Exercise directions:
Given the entries that follow, write out exactly the lines starting at the one containing "(-1e-17, -0.225), [])])" and ending at the one containing "26.94228), (117.19803, 26.14228)])", both ends included, and only those.

Listed entries:
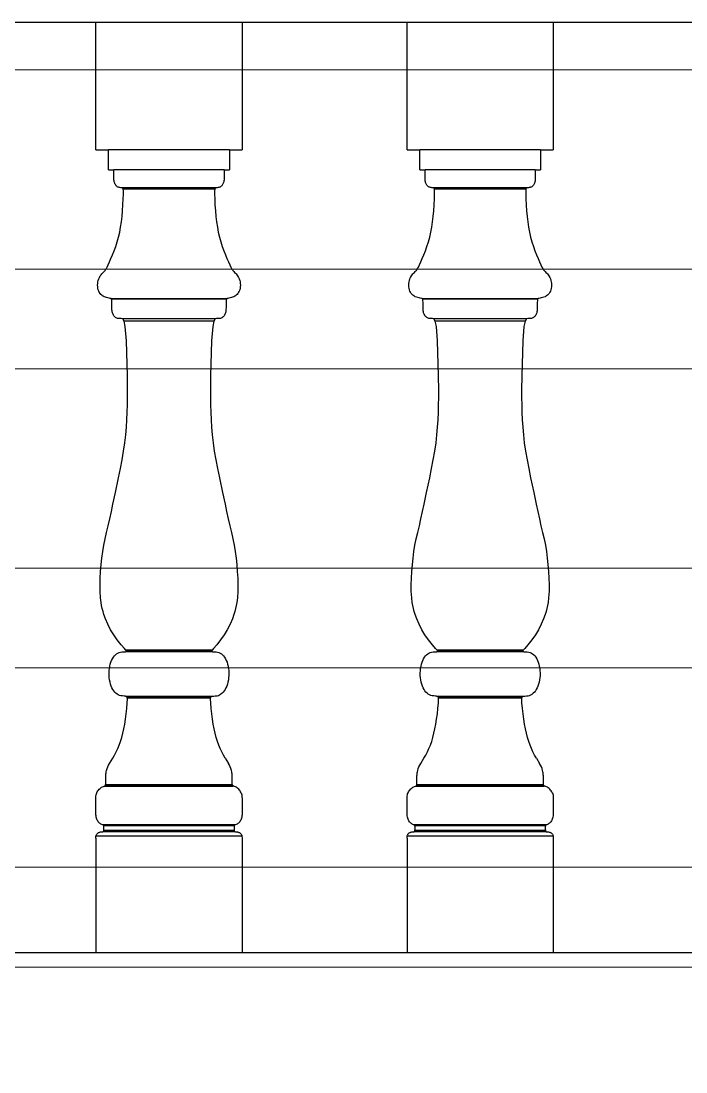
# Model space of a CAD drawing. Header units: inches. Extents: x 37.8 to 126.9, y 5.9 to 51.9.
# Drawn here: x 110.37 to 110.87, y 27.553 to 28.343 of the extents above; entities that cross this region are included whole.
import ezdxf

# ---------------------------------------------------------------- set-up
doc = ezdxf.new("R2010")
doc.units = ezdxf.units.IN
doc.header["$MEASUREMENT"] = 0
doc.layers.add('LAYER1', color=8, linetype='Continuous', lineweight=9)

msp = doc.modelspace()

# ---------------------------------------------------------------- hatches: boundary and pattern name
at = {"layer": 'LAYER1', "true_color": 0xc2b093}
h = msp.add_hatch(dxfattribs=at)
h.set_pattern_fill('ANSI32', color=253, scale=0.6, angle=135)
h.set_pattern_definition([(180, (290.93332, 359.28142), (-1e-17, -0.225), []), (180, (290.85832, 359.35642), (-1e-17, -0.225), [])])
h.paths.add_polyline_path([(106.05653, 37.34228), (106.05653, 37.54228), (106.05653, 37.59228), (106.05653, 37.99228), (106.05653, 38.04228), (106.05653, 38.44228), (106.05653, 38.49228), (106.05653, 38.84228), (107.05653, 38.84228), (107.05653, 38.49228), (107.05653, 38.44228), (107.05653, 38.04228), (107.05653, 37.99228), (107.05653, 37.59228), (107.05653, 37.54228), (107.05653, 37.34228)], flags=16)
h.paths.add_polyline_path([(107.99803, 37.34228), (107.99803, 37.54228), (107.99803, 37.59228), (107.99803, 37.99228), (107.99803, 38.04228), (107.99803, 38.44228), (107.99803, 38.49228), (107.99803, 38.84228), (108.99803, 38.84228), (108.99803, 38.49228), (108.99803, 38.44228), (108.99803, 38.04228), (108.99803, 37.99228), (108.99803, 37.59228), (108.99803, 37.54228), (108.99803, 37.34228)], flags=16)
h.paths.add_polyline_path([(116.59064, 26.14228), (116.59064, 26.94228), (117.19803, 26.94228), (117.19803, 26.14228)])
h.paths.add_polyline_path([(117.39803, 37.34228), (109.19803, 37.34228), (109.19803, 40.69228), (109.19803, 40.99228), (104.09803, 40.99228), (104.09803, 37.34228), (102.15807, 37.34228), (102.15807, 20.54228), (107.51799, 20.54228), (107.51799, 22.74228), (108.71799, 22.74228), (108.71799, 20.54228), (108.91799, 20.54228), (108.91799, 22.74228), (112.11799, 22.74228), (112.11799, 20.54228), (117.39803, 20.54228)])

# ---------------------------------------------------------------- linework, layer by layer
for p, q in [((110.30203, 28.34228), (110.42603, 28.34228)), ((110.42603, 28.24626), (110.42603, 28.34228)), ((110.42603, 28.34228), (110.53603, 28.34228)), ((110.53603, 28.34228), (110.53603, 28.24626)), ((110.53603, 28.34228), (110.66003, 28.34228)), ((110.66003, 28.24626), (110.66003, 28.34228)), ((110.66003, 28.34228), (110.77003, 28.34228)), ((110.77003, 28.34228), (110.77003, 28.24626)), ((110.77003, 28.34228), (110.89403, 28.34228)), ((110.42603, 28.24626), (110.43556, 28.24626)), ((110.43556, 28.23117), (110.43556, 28.24626)), ((110.5265, 28.24626), (110.43556, 28.24626)), ((110.5265, 28.24626), (110.5265, 28.23117)), ((110.5265, 28.24626), (110.53603, 28.24626)), ((110.66003, 28.24626), (110.66956, 28.24626)), ((110.66956, 28.23117), (110.66956, 28.24626)), ((110.7605, 28.24626), (110.66956, 28.24626)), ((110.7605, 28.24626), (110.7605, 28.23117)), ((110.7605, 28.24626), (110.77003, 28.24626)), ((110.43556, 28.23117), (110.43958, 28.23117)), ((110.43959, 28.22617), (110.43958, 28.23117)), ((110.52248, 28.23117), (110.43958, 28.23117)), ((110.43963, 28.22367), (110.43959, 28.22617)), ((110.52246, 28.22617), (110.52243, 28.22367)), ((110.52248, 28.23117), (110.52246, 28.22617)), ((110.52248, 28.23117), (110.5265, 28.23117)), ((110.66956, 28.23117), (110.67358, 28.23117)), ((110.67359, 28.22617), (110.67358, 28.23117)), ((110.75648, 28.23117), (110.67358, 28.23117)), ((110.67363, 28.22367), (110.67359, 28.22617)), ((110.75646, 28.22617), (110.75643, 28.22367)), ((110.75648, 28.23117), (110.75646, 28.22617)), ((110.75648, 28.23117), (110.7605, 28.23117)), ((110.4397, 28.22296), (110.43963, 28.22367)), ((110.43982, 28.22234), (110.4397, 28.22296)), ((110.43998, 28.22174), (110.43982, 28.22234)), ((110.44019, 28.22117), (110.43998, 28.22174)), ((110.44044, 28.22064), (110.44019, 28.22117)), ((110.44072, 28.22014), (110.44044, 28.22064)), ((110.44104, 28.21969), (110.44072, 28.22014)), ((110.4414, 28.21927), (110.44104, 28.21969)), ((110.44178, 28.2189), (110.4414, 28.21927)), ((110.44219, 28.21859), (110.44178, 28.2189)), ((110.44262, 28.21832), (110.44219, 28.21859)), ((110.44308, 28.21812), (110.44262, 28.21832)), ((110.44356, 28.21797), (110.44308, 28.21812)), ((110.44407, 28.21788), (110.44356, 28.21797)), ((110.44479, 28.21784), (110.44407, 28.21788)), ((110.44551, 28.21783), (110.44479, 28.21784)), ((110.44601, 28.21775), (110.44551, 28.21783)), ((110.51605, 28.21775), (110.44601, 28.21775)), ((110.44639, 28.2174), (110.44601, 28.21775)), ((110.51567, 28.2174), (110.44639, 28.2174)), ((110.44665, 28.21679), (110.44639, 28.2174)), ((110.51567, 28.2174), (110.51541, 28.21679)), ((110.51605, 28.21775), (110.51567, 28.2174)), ((110.51655, 28.21783), (110.51605, 28.21775)), ((110.51727, 28.21784), (110.51655, 28.21783)), ((110.51799, 28.21788), (110.51727, 28.21784)), ((110.5185, 28.21797), (110.51799, 28.21788)), ((110.51898, 28.21812), (110.5185, 28.21797)), ((110.51944, 28.21832), (110.51898, 28.21812)), ((110.51987, 28.21859), (110.51944, 28.21832)), ((110.52028, 28.2189), (110.51987, 28.21859)), ((110.52066, 28.21927), (110.52028, 28.2189)), ((110.52102, 28.21969), (110.52066, 28.21927)), ((110.52134, 28.22014), (110.52102, 28.21969)), ((110.52162, 28.22064), (110.52134, 28.22014)), ((110.52187, 28.22117), (110.52162, 28.22064)), ((110.52207, 28.22174), (110.52187, 28.22117)), ((110.52224, 28.22234), (110.52207, 28.22174)), ((110.52235, 28.22296), (110.52224, 28.22234)), ((110.52243, 28.22367), (110.52235, 28.22296)), ((110.6737, 28.22296), (110.67363, 28.22367)), ((110.67382, 28.22234), (110.6737, 28.22296)), ((110.67398, 28.22174), (110.67382, 28.22234)), ((110.67419, 28.22117), (110.67398, 28.22174)), ((110.67444, 28.22064), (110.67419, 28.22117)), ((110.67472, 28.22014), (110.67444, 28.22064)), ((110.67504, 28.21969), (110.67472, 28.22014)), ((110.6754, 28.21927), (110.67504, 28.21969)), ((110.67578, 28.2189), (110.6754, 28.21927)), ((110.67619, 28.21859), (110.67578, 28.2189)), ((110.67662, 28.21832), (110.67619, 28.21859)), ((110.67708, 28.21812), (110.67662, 28.21832)), ((110.67756, 28.21797), (110.67708, 28.21812)), ((110.67807, 28.21788), (110.67756, 28.21797)), ((110.67879, 28.21784), (110.67807, 28.21788)), ((110.67951, 28.21783), (110.67879, 28.21784)), ((110.68001, 28.21775), (110.67951, 28.21783)), ((110.75005, 28.21775), (110.68001, 28.21775)), ((110.68039, 28.2174), (110.68001, 28.21775)), ((110.74967, 28.2174), (110.68039, 28.2174)), ((110.68065, 28.21679), (110.68039, 28.2174)), ((110.74967, 28.2174), (110.74941, 28.21679)), ((110.75005, 28.21775), (110.74967, 28.2174)), ((110.75055, 28.21783), (110.75005, 28.21775)), ((110.75127, 28.21784), (110.75055, 28.21783)), ((110.75199, 28.21788), (110.75127, 28.21784)), ((110.7525, 28.21797), (110.75199, 28.21788)), ((110.75298, 28.21812), (110.7525, 28.21797)), ((110.75344, 28.21832), (110.75298, 28.21812)), ((110.75387, 28.21859), (110.75344, 28.21832)), ((110.75428, 28.2189), (110.75387, 28.21859)), ((110.75466, 28.21927), (110.75428, 28.2189)), ((110.75502, 28.21969), (110.75466, 28.21927)), ((110.75534, 28.22014), (110.75502, 28.21969)), ((110.75562, 28.22064), (110.75534, 28.22014)), ((110.75587, 28.22117), (110.75562, 28.22064)), ((110.75607, 28.22174), (110.75587, 28.22117)), ((110.75624, 28.22234), (110.75607, 28.22174)), ((110.75635, 28.22296), (110.75624, 28.22234)), ((110.75643, 28.22367), (110.75635, 28.22296)), ((110.44644, 28.20487), (110.44666, 28.20944)), ((110.51541, 28.21679), (110.44665, 28.21679)), ((110.4468, 28.21536), (110.44665, 28.21679)), ((110.44666, 28.20944), (110.44676, 28.21297)), ((110.44676, 28.21297), (110.4468, 28.21536)), ((110.51541, 28.21679), (110.51525, 28.21536)), ((110.51525, 28.21536), (110.51529, 28.21297)), ((110.51529, 28.21297), (110.5154, 28.20944)), ((110.5154, 28.20944), (110.51562, 28.20487)), ((110.68044, 28.20487), (110.68066, 28.20944)), ((110.74941, 28.21679), (110.68065, 28.21679)), ((110.6808, 28.21536), (110.68065, 28.21679)), ((110.68066, 28.20944), (110.68076, 28.21297)), ((110.68076, 28.21297), (110.6808, 28.21536)), ((110.74941, 28.21679), (110.74925, 28.21536)), ((110.74925, 28.21536), (110.74929, 28.21297)), ((110.74929, 28.21297), (110.7494, 28.20944)), ((110.7494, 28.20944), (110.74962, 28.20487)), ((110.44612, 28.20046), (110.44644, 28.20487)), ((110.51562, 28.20487), (110.51593, 28.20046)), ((110.68012, 28.20046), (110.68044, 28.20487)), ((110.74962, 28.20487), (110.74993, 28.20046)), ((110.44523, 28.19211), (110.44572, 28.19621)), ((110.44572, 28.19621), (110.44612, 28.20046)), ((110.51593, 28.20046), (110.51634, 28.19621)), ((110.51634, 28.19621), (110.51683, 28.19211)), ((110.67923, 28.19211), (110.67972, 28.19621)), ((110.67972, 28.19621), (110.68012, 28.20046)), ((110.74993, 28.20046), (110.75034, 28.19621)), ((110.75034, 28.19621), (110.75083, 28.19211)), ((110.44396, 28.18438), (110.44464, 28.18817)), ((110.44464, 28.18817), (110.44523, 28.19211)), ((110.51683, 28.19211), (110.51742, 28.18817)), ((110.51742, 28.18817), (110.5181, 28.18438)), ((110.67796, 28.18438), (110.67864, 28.18817)), ((110.67864, 28.18817), (110.67923, 28.19211)), ((110.75083, 28.19211), (110.75142, 28.18817)), ((110.75142, 28.18817), (110.7521, 28.18438)), ((110.44213, 28.17711), (110.44313, 28.1807)), ((110.44313, 28.1807), (110.44396, 28.18438)), ((110.5181, 28.18438), (110.51893, 28.1807)), ((110.51893, 28.1807), (110.51993, 28.17711)), ((110.67613, 28.17711), (110.67713, 28.1807)), ((110.67713, 28.1807), (110.67796, 28.18438)), ((110.7521, 28.18438), (110.75293, 28.1807)), ((110.75293, 28.1807), (110.75393, 28.17711)), ((110.4386, 28.1673), (110.43981, 28.17037)), ((110.43981, 28.17037), (110.44101, 28.17366)), ((110.44101, 28.17366), (110.44213, 28.17711)), ((110.51993, 28.17711), (110.52105, 28.17366)), ((110.52105, 28.17366), (110.52225, 28.17037)), ((110.52225, 28.17037), (110.52346, 28.1673)), ((110.6726, 28.1673), (110.67381, 28.17037)), ((110.67381, 28.17037), (110.67501, 28.17366)), ((110.67501, 28.17366), (110.67613, 28.17711)), ((110.75393, 28.17711), (110.75505, 28.17366)), ((110.75505, 28.17366), (110.75625, 28.17037)), ((110.75625, 28.17037), (110.75746, 28.1673)), ((110.43538, 28.15985), (110.43633, 28.16199)), ((110.43633, 28.16199), (110.43742, 28.16449)), ((110.43742, 28.16449), (110.4386, 28.1673)), ((110.52346, 28.1673), (110.52464, 28.16449)), ((110.52464, 28.16449), (110.52572, 28.16199)), ((110.52572, 28.16199), (110.52667, 28.15985)), ((110.66938, 28.15985), (110.67033, 28.16199)), ((110.67033, 28.16199), (110.67142, 28.16449)), ((110.67142, 28.16449), (110.6726, 28.1673)), ((110.75746, 28.1673), (110.75864, 28.16449)), ((110.75864, 28.16449), (110.75972, 28.16199)), ((110.75972, 28.16199), (110.76067, 28.15985)), ((110.431, 28.15352), (110.43165, 28.15415)), ((110.43165, 28.15415), (110.43226, 28.15476)), ((110.43226, 28.15476), (110.43272, 28.15526)), ((110.43272, 28.15526), (110.43303, 28.15564)), ((110.43303, 28.15564), (110.43335, 28.15607)), ((110.43335, 28.15607), (110.43367, 28.15656)), ((110.43367, 28.15656), (110.43402, 28.15712)), ((110.43402, 28.15712), (110.43457, 28.15814)), ((110.43457, 28.15814), (110.43538, 28.15985)), ((110.52667, 28.15985), (110.52749, 28.15814)), ((110.52749, 28.15814), (110.52804, 28.15712)), ((110.52804, 28.15712), (110.52838, 28.15656)), ((110.52838, 28.15656), (110.52871, 28.15607)), ((110.52871, 28.15607), (110.52903, 28.15564)), ((110.52903, 28.15564), (110.52934, 28.15526)), ((110.52934, 28.15526), (110.5298, 28.15476)), ((110.5298, 28.15476), (110.53041, 28.15415)), ((110.53041, 28.15415), (110.53106, 28.15352)), ((110.665, 28.15352), (110.66565, 28.15415)), ((110.66565, 28.15415), (110.66626, 28.15476)), ((110.66626, 28.15476), (110.66672, 28.15526)), ((110.66672, 28.15526), (110.66703, 28.15564)), ((110.66703, 28.15564), (110.66735, 28.15607)), ((110.66735, 28.15607), (110.66767, 28.15656)), ((110.66767, 28.15656), (110.66802, 28.15712)), ((110.66802, 28.15712), (110.66857, 28.15814)), ((110.66857, 28.15814), (110.66938, 28.15985)), ((110.76067, 28.15985), (110.76149, 28.15814)), ((110.76149, 28.15814), (110.76204, 28.15712)), ((110.76204, 28.15712), (110.76238, 28.15656)), ((110.76238, 28.15656), (110.76271, 28.15607)), ((110.76271, 28.15607), (110.76303, 28.15564)), ((110.76303, 28.15564), (110.76334, 28.15526)), ((110.76334, 28.15526), (110.7638, 28.15476)), ((110.7638, 28.15476), (110.76441, 28.15415)), ((110.76441, 28.15415), (110.76506, 28.15352)), ((110.42741, 28.14569), (110.42757, 28.14689)), ((110.42757, 28.14689), (110.42784, 28.14808)), ((110.42784, 28.14808), (110.42823, 28.14925)), ((110.42823, 28.14925), (110.42875, 28.15038)), ((110.42875, 28.15038), (110.42939, 28.15146)), ((110.42939, 28.15146), (110.43001, 28.15237)), ((110.43001, 28.15237), (110.43048, 28.15297)), ((110.43048, 28.15297), (110.431, 28.15352)), ((110.53106, 28.15352), (110.53158, 28.15297)), ((110.53158, 28.15297), (110.53205, 28.15237)), ((110.53205, 28.15237), (110.53267, 28.15146)), ((110.53267, 28.15146), (110.53331, 28.15038)), ((110.53331, 28.15038), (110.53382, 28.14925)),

Expected answer:
h.set_pattern_definition([(180, (290.93332, 359.28142), (-1e-17, -0.225), []), (180, (290.85832, 359.35642), (-1e-17, -0.225), [])])
h.paths.add_polyline_path([(106.05653, 37.34228), (106.05653, 37.54228), (106.05653, 37.59228), (106.05653, 37.99228), (106.05653, 38.04228), (106.05653, 38.44228), (106.05653, 38.49228), (106.05653, 38.84228), (107.05653, 38.84228), (107.05653, 38.49228), (107.05653, 38.44228), (107.05653, 38.04228), (107.05653, 37.99228), (107.05653, 37.59228), (107.05653, 37.54228), (107.05653, 37.34228)], flags=16)
h.paths.add_polyline_path([(107.99803, 37.34228), (107.99803, 37.54228), (107.99803, 37.59228), (107.99803, 37.99228), (107.99803, 38.04228), (107.99803, 38.44228), (107.99803, 38.49228), (107.99803, 38.84228), (108.99803, 38.84228), (108.99803, 38.49228), (108.99803, 38.44228), (108.99803, 38.04228), (108.99803, 37.99228), (108.99803, 37.59228), (108.99803, 37.54228), (108.99803, 37.34228)], flags=16)
h.paths.add_polyline_path([(116.59064, 26.14228), (116.59064, 26.94228), (117.19803, 26.94228), (117.19803, 26.14228)])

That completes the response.